Data: 18 de maio de 2015
Local: Mini auditório do CFH/UFSC
Promoção: ADEDH e Margens/UFSC
Esse encontro pretende discutir as demandas urgentes na área da saúde de travestis e transexuais da Grande Florianópolis/SC. Tem como foco central a hormonioterapia, uma vez que o uso de hormônios de forma indiscriminada e sem acompanhamento especializado acarreta agravos para a saúde dessa população. Para além das DST/HIV-Aids/HV, o acompanhamento hormonal tem se mostrado uma necessidade urgente conforme pesquisa realizada pela ADEDH – Associação em Defesa dos Direitos Humanos com Enfoque na Sexualidade – em parceria com o Núcleo Margens: modos de vida, família e relações de gênero, do Departamento de Psicologia da UFSC.

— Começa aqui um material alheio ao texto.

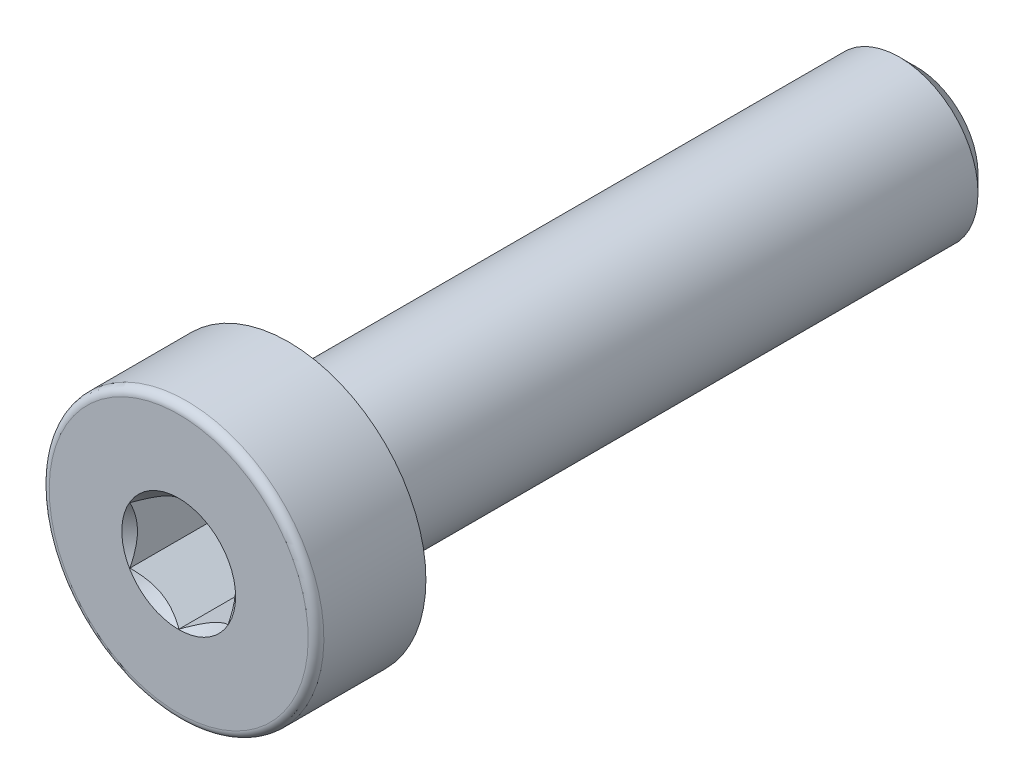
ISO-10303-21;
HEADER;
FILE_DESCRIPTION(('STEP AP214'),'2;1');
FILE_NAME('part.step','',(''),(''),'','','');
FILE_SCHEMA(('AUTOMOTIVE_DESIGN { 1 0 10303 214 1 1 1 1 }'));
ENDSEC;
DATA;
#1=APPLICATION_CONTEXT('core data for automotive mechanical design processes');
#2=APPLICATION_PROTOCOL_DEFINITION('international standard','automotive_design',2000,#1);
#3=PRODUCT_CONTEXT('',#1,'mechanical');
#4=PRODUCT('Part','Part','',(#3));
#5=PRODUCT_RELATED_PRODUCT_CATEGORY('part','',(#4));
#6=PRODUCT_DEFINITION_FORMATION('','',#4);
#7=PRODUCT_DEFINITION_CONTEXT('part definition',#1,'design');
#8=PRODUCT_DEFINITION('design','',#6,#7);
#9=PRODUCT_DEFINITION_SHAPE('','',#8);
#10=(LENGTH_UNIT() NAMED_UNIT(*) SI_UNIT(.MILLI.,.METRE.));
#11=(NAMED_UNIT(*) PLANE_ANGLE_UNIT() SI_UNIT($,.RADIAN.));
#12=(NAMED_UNIT(*) SI_UNIT($,.STERADIAN.) SOLID_ANGLE_UNIT());
#13=UNCERTAINTY_MEASURE_WITH_UNIT(LENGTH_MEASURE(1.E-05),#10,'distance_accuracy_value','');
#14=(GEOMETRIC_REPRESENTATION_CONTEXT(3) GLOBAL_UNCERTAINTY_ASSIGNED_CONTEXT((#13)) GLOBAL_UNIT_ASSIGNED_CONTEXT((#10,
#11,#12)) REPRESENTATION_CONTEXT('',''));
#15=CARTESIAN_POINT('',(0.,0.,0.));
#16=DIRECTION('',(0.,0.,1.));
#17=DIRECTION('',(1.,0.,0.));
#18=AXIS2_PLACEMENT_3D('',#15,#16,#17);
#19=CARTESIAN_POINT('',(-13.4233937586588,6.30662432702593,11.6));
#20=DIRECTION('',(0.500000000000001,-0.866025403784438,0.));
#21=DIRECTION('',(0.866025403784438,0.500000000000001,0.));
#22=AXIS2_PLACEMENT_3D('',#19,#20,#21);
#23=PLANE('',#22);
#24=DIRECTION('',(0.,0.,1.));
#25=VECTOR('',#24,1.);
#26=CARTESIAN_POINT('',(-12.1733937586588,7.02831216351297,11.6));
#27=LINE('',#26,#25);
#28=CARTESIAN_POINT('',(-12.1733936055537,7.02831205156453,11.5933758615089));
#29=VERTEX_POINT('',#28);
#30=CARTESIAN_POINT('',(-12.1733937586588,7.02831216351297,9.3));
#31=VERTEX_POINT('',#30);
#32=EDGE_CURVE('E79',#29,#31,#27,.F.);
#33=ORIENTED_EDGE('',*,*,#32,.T.);
#34=DIRECTION('',(0.866025403784438,0.500000000000001,0.));
#35=VECTOR('',#34,1.);
#36=CARTESIAN_POINT('',(-13.4233937586588,6.30662432702593,9.3));
#37=LINE('',#36,#35);
#38=CARTESIAN_POINT('',(-13.4233937586588,6.30662432702593,9.3));
#39=VERTEX_POINT('',#38);
#40=EDGE_CURVE('E85',#39,#31,#37,.T.);
#41=ORIENTED_EDGE('',*,*,#40,.F.);
#42=DIRECTION('',(0.,0.,1.));
#43=VECTOR('',#42,1.);
#44=CARTESIAN_POINT('',(-13.4233937586588,6.30662432702594,11.6));
#45=LINE('',#44,#43);
#46=CARTESIAN_POINT('',(-13.4233937586632,6.30662432702338,11.5933756729511));
#47=VERTEX_POINT('',#46);
#48=EDGE_CURVE('E82',#39,#47,#45,.T.);
#49=ORIENTED_EDGE('',*,*,#48,.T.);
#50=CARTESIAN_POINT('',(-12.1733937002218,7.02831216779191,11.5933756853364));
#51=CARTESIAN_POINT('',(-12.2163568229737,7.00350741616519,11.5685947292881));
#52=CARTESIAN_POINT('',(-12.2600382863438,6.9782879192839,11.545269439067));
#53=CARTESIAN_POINT('',(-12.3491092672138,6.92686277021083,11.5025618251203));
#54=CARTESIAN_POINT('',(-12.394507250713,6.90065223011473,11.4832032561296));
#55=CARTESIAN_POINT('',(-12.4860500535076,6.84779996676954,11.4500418936151));
#56=CARTESIAN_POINT('',(-12.5321715722449,6.8211716960616,11.4361557728277));
#57=CARTESIAN_POINT('',(-12.6254297159372,6.76732908209256,11.4147615753702));
#58=CARTESIAN_POINT('',(-12.6725634939783,6.74011638249966,11.4072375346617));
#59=CARTESIAN_POINT('',(-12.7538028500107,6.69321281834881,11.4004485004953));
#60=CARTESIAN_POINT('',(-12.7878035860268,6.67358248428071,11.3994438615368));
#61=CARTESIAN_POINT('',(-12.8557452102611,6.63435636925703,11.4011391685542));
#62=CARTESIAN_POINT('',(-12.889686083601,6.61476059689143,11.4038399328628));
#63=CARTESIAN_POINT('',(-12.9572401464571,6.57575824051197,11.4127899225564));
#64=CARTESIAN_POINT('',(-12.9908530016591,6.55635184951456,11.4190424476042));
#65=CARTESIAN_POINT('',(-13.0575175064978,6.51786307970181,11.4347592145059));
#66=CARTESIAN_POINT('',(-13.0905689089223,6.4987808436145,11.4442248344967));
#67=CARTESIAN_POINT('',(-13.1751801962771,6.44993049408318,11.472304007491));
#68=CARTESIAN_POINT('',(-13.2262076401251,6.42046978564168,11.4930250205889));
#69=CARTESIAN_POINT('',(-13.3262661558496,6.36270097465374,11.5396991802517));
#70=CARTESIAN_POINT('',(-13.3753031174996,6.33438947164501,11.5656352949687));
#71=CARTESIAN_POINT('',(-13.4233937586677,6.30662432702081,11.5933756729536));
#72=B_SPLINE_CURVE_WITH_KNOTS('',3,(#50,#51,#52,#53,#54,#55,#56,#57,#58,#59,#60,#61,#62,#63,#64,
#65,#66,#67,#68,#69,#70,#71),.UNSPECIFIED.,.F.,.F.,(4,2,2,2,2,2,2,2,2,2,4),(0.,
0.166478697230875,0.333926955649054,0.498716702198962,0.663091712821197,0.780745635344878,
0.898425545743195,1.01621496255891,1.13405496471272,1.32111597484232,1.50757571067131),.UNSPECIFIED.);
#73=EDGE_CURVE('E76',#29,#47,#72,.T.);
#74=ORIENTED_EDGE('',*,*,#73,.F.);
#75=EDGE_LOOP('',(#33,#41,#49,#74));
#76=FACE_BOUND('',#75,.T.);
#77=ADVANCED_FACE('F16',(#76),#23,.F.);
#78=CARTESIAN_POINT('',(-12.1733937586588,7.02831216351297,11.6));
#79=DIRECTION('',(1.,0.,0.));
#80=DIRECTION('',(0.,1.,0.));
#81=AXIS2_PLACEMENT_3D('',#78,#79,#80);
#82=PLANE('',#81);
#83=DIRECTION('',(0.,0.,1.));
#84=VECTOR('',#83,1.);
#85=CARTESIAN_POINT('',(-12.1733937586588,8.47168783648703,11.6));
#86=LINE('',#85,#84);
#87=CARTESIAN_POINT('',(-12.1733937586544,8.47168783648959,11.5933756729536));
#88=VERTEX_POINT('',#87);
#89=CARTESIAN_POINT('',(-12.1733937586588,8.47168783648703,9.3));
#90=VERTEX_POINT('',#89);
#91=EDGE_CURVE('E162',#88,#90,#86,.F.);
#92=ORIENTED_EDGE('',*,*,#91,.T.);
#93=DIRECTION('',(0.,1.,0.));
#94=VECTOR('',#93,1.);
#95=CARTESIAN_POINT('',(-12.1733937586588,7.02831216351297,9.3));
#96=LINE('',#95,#94);
#97=EDGE_CURVE('E96',#31,#90,#96,.T.);
#98=ORIENTED_EDGE('',*,*,#97,.F.);
#99=ORIENTED_EDGE('',*,*,#32,.F.);
#100=CARTESIAN_POINT('',(-12.1733937586588,8.47168783649727,11.5933756729536));
#101=CARTESIAN_POINT('',(-12.1733937586588,8.42207831192952,11.5685947126506));
#102=CARTESIAN_POINT('',(-12.1733937586588,8.37163931164899,11.5452694223769));
#103=CARTESIAN_POINT('',(-12.1733937586588,8.2687890139366,11.5025618117958));
#104=CARTESIAN_POINT('',(-12.1733937586588,8.21636794078078,11.483203246225));
#105=CARTESIAN_POINT('',(-12.1733937586588,8.11066342503827,11.4500418887989));
#106=CARTESIAN_POINT('',(-12.1733937586588,8.05740688759027,11.4361557696904));
#107=CARTESIAN_POINT('',(-12.1733937586588,7.94972166868708,11.4147615747397));
#108=CARTESIAN_POINT('',(-12.1733937586588,7.89529627456275,11.4072375348733));
#109=CARTESIAN_POINT('',(-12.1733937586588,7.80148915180073,11.4004485007569));
#110=CARTESIAN_POINT('',(-12.1733937586588,7.76222848418028,11.3994438616172));
#111=CARTESIAN_POINT('',(-12.1733937586588,7.68377625518716,11.401139168185));
#112=CARTESIAN_POINT('',(-12.1733937586588,7.64458471099447,11.4038399322248));
#113=CARTESIAN_POINT('',(-12.1733937586588,7.56657999916741,11.4127899213084));
#114=CARTESIAN_POINT('',(-12.1733937586588,7.52776721756702,11.4190424460243));
#115=CARTESIAN_POINT('',(-12.1733937586588,7.4507896787014,11.434759212224));
#116=CARTESIAN_POINT('',(-12.1733937586588,7.41262520689227,11.4442248318446));
#117=CARTESIAN_POINT('',(-12.1733937586588,7.31492449740076,11.4723040071104));
#118=CARTESIAN_POINT('',(-12.1733937586588,7.25600307008844,11.4930250241545));
#119=CARTESIAN_POINT('',(-12.1733937586588,7.140465428185,11.5396991933395));
#120=CARTESIAN_POINT('',(-12.1733937586588,7.08384241266119,11.5656353136128));
#121=CARTESIAN_POINT('',(-12.1733937586588,7.02831211428807,11.5933756975609));
#122=B_SPLINE_CURVE_WITH_KNOTS('',3,(#100,#101,#102,#103,#104,#105,#106,#107,#108,#109,#110,
#111,#112,#113,#114,#115,#116,#117,#118,#119,#120,#121),.UNSPECIFIED.,.F.,.F.,(4,2,2,2,2,2,2,2,
2,2,4),(0.,0.166478683382721,0.333926927146324,0.498716658706512,0.663091654692476,
0.780745575594687,0.898425484357243,1.01621489984313,1.13405490066788,1.32111594407523,
1.50757571256725),.UNSPECIFIED.);
#123=EDGE_CURVE('E88',#88,#29,#122,.T.);
#124=ORIENTED_EDGE('',*,*,#123,.F.);
#125=EDGE_LOOP('',(#92,#98,#99,#124));
#126=FACE_BOUND('',#125,.T.);
#127=ADVANCED_FACE('F98',(#126),#82,.F.);
#128=CARTESIAN_POINT('',(-14.6733937586588,7.02831216351297,11.6));
#129=DIRECTION('',(-0.499999999999999,-0.866025403784439,0.));
#130=DIRECTION('',(0.866025403784439,-0.499999999999999,0.));
#131=AXIS2_PLACEMENT_3D('',#128,#129,#130);
#132=PLANE('',#131);
#133=ORIENTED_EDGE('',*,*,#48,.F.);
#134=DIRECTION('',(0.866025403784436,-0.500000000000004,0.));
#135=VECTOR('',#134,1.);
#136=CARTESIAN_POINT('',(-14.6733937586588,7.02831216351297,9.3));
#137=LINE('',#136,#135);
#138=CARTESIAN_POINT('',(-14.6733937586588,7.02831216351297,9.3));
#139=VERTEX_POINT('',#138);
#140=EDGE_CURVE('E257',#139,#39,#137,.T.);
#141=ORIENTED_EDGE('',*,*,#140,.F.);
#142=DIRECTION('',(0.,0.,1.));
#143=VECTOR('',#142,1.);
#144=CARTESIAN_POINT('',(-14.6733937586588,7.02831216351297,11.6));
#145=LINE('',#144,#143);
#146=CARTESIAN_POINT('',(-14.6733937586632,7.02831216351553,11.5933756729511));
#147=VERTEX_POINT('',#146);
#148=EDGE_CURVE('E249',#139,#147,#145,.T.);
#149=ORIENTED_EDGE('',*,*,#148,.T.);
#150=CARTESIAN_POINT('',(-13.4233937586499,6.30662432702082,11.5933756729536));
#151=CARTESIAN_POINT('',(-13.4663568671591,6.33142908928381,11.5685947126715));
#152=CARTESIAN_POINT('',(-13.510038322706,6.35664858940238,11.5452694224163));
#153=CARTESIAN_POINT('',(-13.5991092932341,6.4080737382138,11.5025618118642));
#154=CARTESIAN_POINT('',(-13.6445072742407,6.43428427476862,11.4832032463041));
#155=CARTESIAN_POINT('',(-13.7360500701639,6.48713653263724,11.4500418888603));
#156=CARTESIAN_POINT('',(-13.7821715845493,6.5137648013831,11.4361557697322));
#157=CARTESIAN_POINT('',(-13.8754297198094,6.56760741087961,11.4147615747526));
#158=CARTESIAN_POINT('',(-13.9225634937719,6.59482010796483,11.4072375348767));
#159=CARTESIAN_POINT('',(-14.0038028451942,6.64172366937726,11.4004485007558));
#160=CARTESIAN_POINT('',(-14.0378035807373,6.66135400319571,11.3994438616164));
#161=CARTESIAN_POINT('',(-14.1057452040574,6.70058011770873,11.401139168188));
#162=CARTESIAN_POINT('',(-14.1396860769561,6.72017588981332,11.4038399322312));
#163=CARTESIAN_POINT('',(-14.2072401390132,6.75917824572686,11.4127899213208));
#164=CARTESIAN_POINT('',(-14.2408529938567,6.778584636519,11.4190424460366));
#165=CARTESIAN_POINT('',(-14.3075174980066,6.81707340593533,11.434759212232));
#166=CARTESIAN_POINT('',(-14.3405689001008,6.83615564183148,11.4442248318486));
#167=CARTESIAN_POINT('',(-14.4251801888192,6.88500599214957,11.4723040045711));
#168=CARTESIAN_POINT('',(-14.4762076343048,6.91446670153672,11.4930250180483));
#169=CARTESIAN_POINT('',(-14.5762661530795,6.97223551428601,11.5396991787867));
#170=CARTESIAN_POINT('',(-14.6253031161464,7.00054701811292,11.5656352941876));
#171=CARTESIAN_POINT('',(-14.6733937586677,7.02831216351809,11.5933756729536));
#172=B_SPLINE_CURVE_WITH_KNOTS('',3,(#150,#151,#152,#153,#154,#155,#156,#157,#158,#159,#160,
#161,#162,#163,#164,#165,#166,#167,#168,#169,#170,#171),.UNSPECIFIED.,.F.,.F.,(4,2,2,2,2,2,2,2,
2,2,4),(0.,0.166478683242098,0.333926926865391,0.49871665856662,0.663091654692315,
0.780745575643616,0.898425484455996,1.01621489989415,1.1340549006677,1.32111591649026,
1.50757565759361),.UNSPECIFIED.);
#173=EDGE_CURVE('E157',#47,#147,#172,.T.);
#174=ORIENTED_EDGE('',*,*,#173,.F.);
#175=EDGE_LOOP('',(#133,#141,#149,#174));
#176=FACE_BOUND('',#175,.T.);
#177=ADVANCED_FACE('F166',(#176),#132,.F.);
#178=CARTESIAN_POINT('',(-12.1733937586588,8.47168783648703,11.6));
#179=DIRECTION('',(0.499999999999999,0.866025403784439,0.));
#180=DIRECTION('',(-0.866025403784439,0.499999999999999,0.));
#181=AXIS2_PLACEMENT_3D('',#178,#179,#180);
#182=PLANE('',#181);
#183=DIRECTION('',(0.,0.,1.));
#184=VECTOR('',#183,1.);
#185=CARTESIAN_POINT('',(-13.4233937586588,9.19337567297406,11.6));
#186=LINE('',#185,#184);
#187=CARTESIAN_POINT('',(-13.4233937586635,9.19337567297677,11.5933756729512));
#188=VERTEX_POINT('',#187);
#189=CARTESIAN_POINT('',(-13.4233937586588,9.19337567297406,9.3));
#190=VERTEX_POINT('',#189);
#191=EDGE_CURVE('E245',#188,#190,#186,.F.);
#192=ORIENTED_EDGE('',*,*,#191,.T.);
#193=DIRECTION('',(-0.86602540378444,0.499999999999998,0.));
#194=VECTOR('',#193,1.);
#195=CARTESIAN_POINT('',(-12.1733937586588,8.47168783648703,9.3));
#196=LINE('',#195,#194);
#197=EDGE_CURVE('E263',#90,#190,#196,.T.);
#198=ORIENTED_EDGE('',*,*,#197,.F.);
#199=ORIENTED_EDGE('',*,*,#91,.F.);
#200=CARTESIAN_POINT('',(-13.4233937586682,9.19337567297947,11.5933756729539));
#201=CARTESIAN_POINT('',(-13.380430650159,9.16857091071646,11.5685947126717));
#202=CARTESIAN_POINT('',(-13.3367491946121,9.14335141059787,11.5452694224165));
#203=CARTESIAN_POINT('',(-13.2476782240839,9.09192626178642,11.5025618118644));
#204=CARTESIAN_POINT('',(-13.2022802430772,9.06571572523158,11.4832032463042));
#205=CARTESIAN_POINT('',(-13.110737447154,9.01286346736292,11.4500418888604));
#206=CARTESIAN_POINT('',(-13.0646159327685,8.98623519861704,11.4361557697323));
#207=CARTESIAN_POINT('',(-12.9713577975084,8.93239258912049,11.4147615747526));
#208=CARTESIAN_POINT('',(-12.9242240235458,8.90517989203525,11.4072375348767));
#209=CARTESIAN_POINT('',(-12.8429846721235,8.85827633062279,11.4004485007558));
#210=CARTESIAN_POINT('',(-12.8089839365804,8.83864599680434,11.3994438616164));
#211=CARTESIAN_POINT('',(-12.7410423132603,8.79941988229132,11.401139168188));
#212=CARTESIAN_POINT('',(-12.7071014403616,8.77982411018673,11.4038399322312));
#213=CARTESIAN_POINT('',(-12.6395473783045,8.74082175427319,11.4127899213208));
#214=CARTESIAN_POINT('',(-12.605934523461,8.72141536348104,11.4190424460365));
#215=CARTESIAN_POINT('',(-12.5392700193111,8.68292659406471,11.434759212232));
#216=CARTESIAN_POINT('',(-12.5062186172169,8.66384435816856,11.4442248318486));
#217=CARTESIAN_POINT('',(-12.4216073284984,8.61499400785046,11.4723040045711));
#218=CARTESIAN_POINT('',(-12.3705798830129,8.58553329846331,11.4930250180483));
#219=CARTESIAN_POINT('',(-12.2705213642381,8.527764485714,11.5396991787867));
#220=CARTESIAN_POINT('',(-12.2214844011712,8.49945298188709,11.5656352941876));
#221=CARTESIAN_POINT('',(-12.1733937586499,8.47168783648191,11.5933756729536));
#222=B_SPLINE_CURVE_WITH_KNOTS('',3,(#200,#201,#202,#203,#204,#205,#206,#207,#208,#209,#210,
#211,#212,#213,#214,#215,#216,#217,#218,#219,#220,#221),.UNSPECIFIED.,.F.,.F.,(4,2,2,2,2,2,2,2,
2,2,4),(0.,0.166478683242229,0.333926926865663,0.498716658567025,0.663091654692854,
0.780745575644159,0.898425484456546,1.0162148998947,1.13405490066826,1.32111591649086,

A Prefeitura Municipal de Florianópolis lançou, em maio de 2012, o I Plano Municipal de Políticas Públicas e Direitos Humanos de Lésbicas, Gays, Bissexuais, Travestis, Transexuais e Transgêneros (LGBT). No documento são listadas estratégias de gestão e ação em vários âmbitos, dentre os quais a saúde. No entanto, nenhum deles contempla a demanda por acompanhamento hormonal da população de travestis e transexuais.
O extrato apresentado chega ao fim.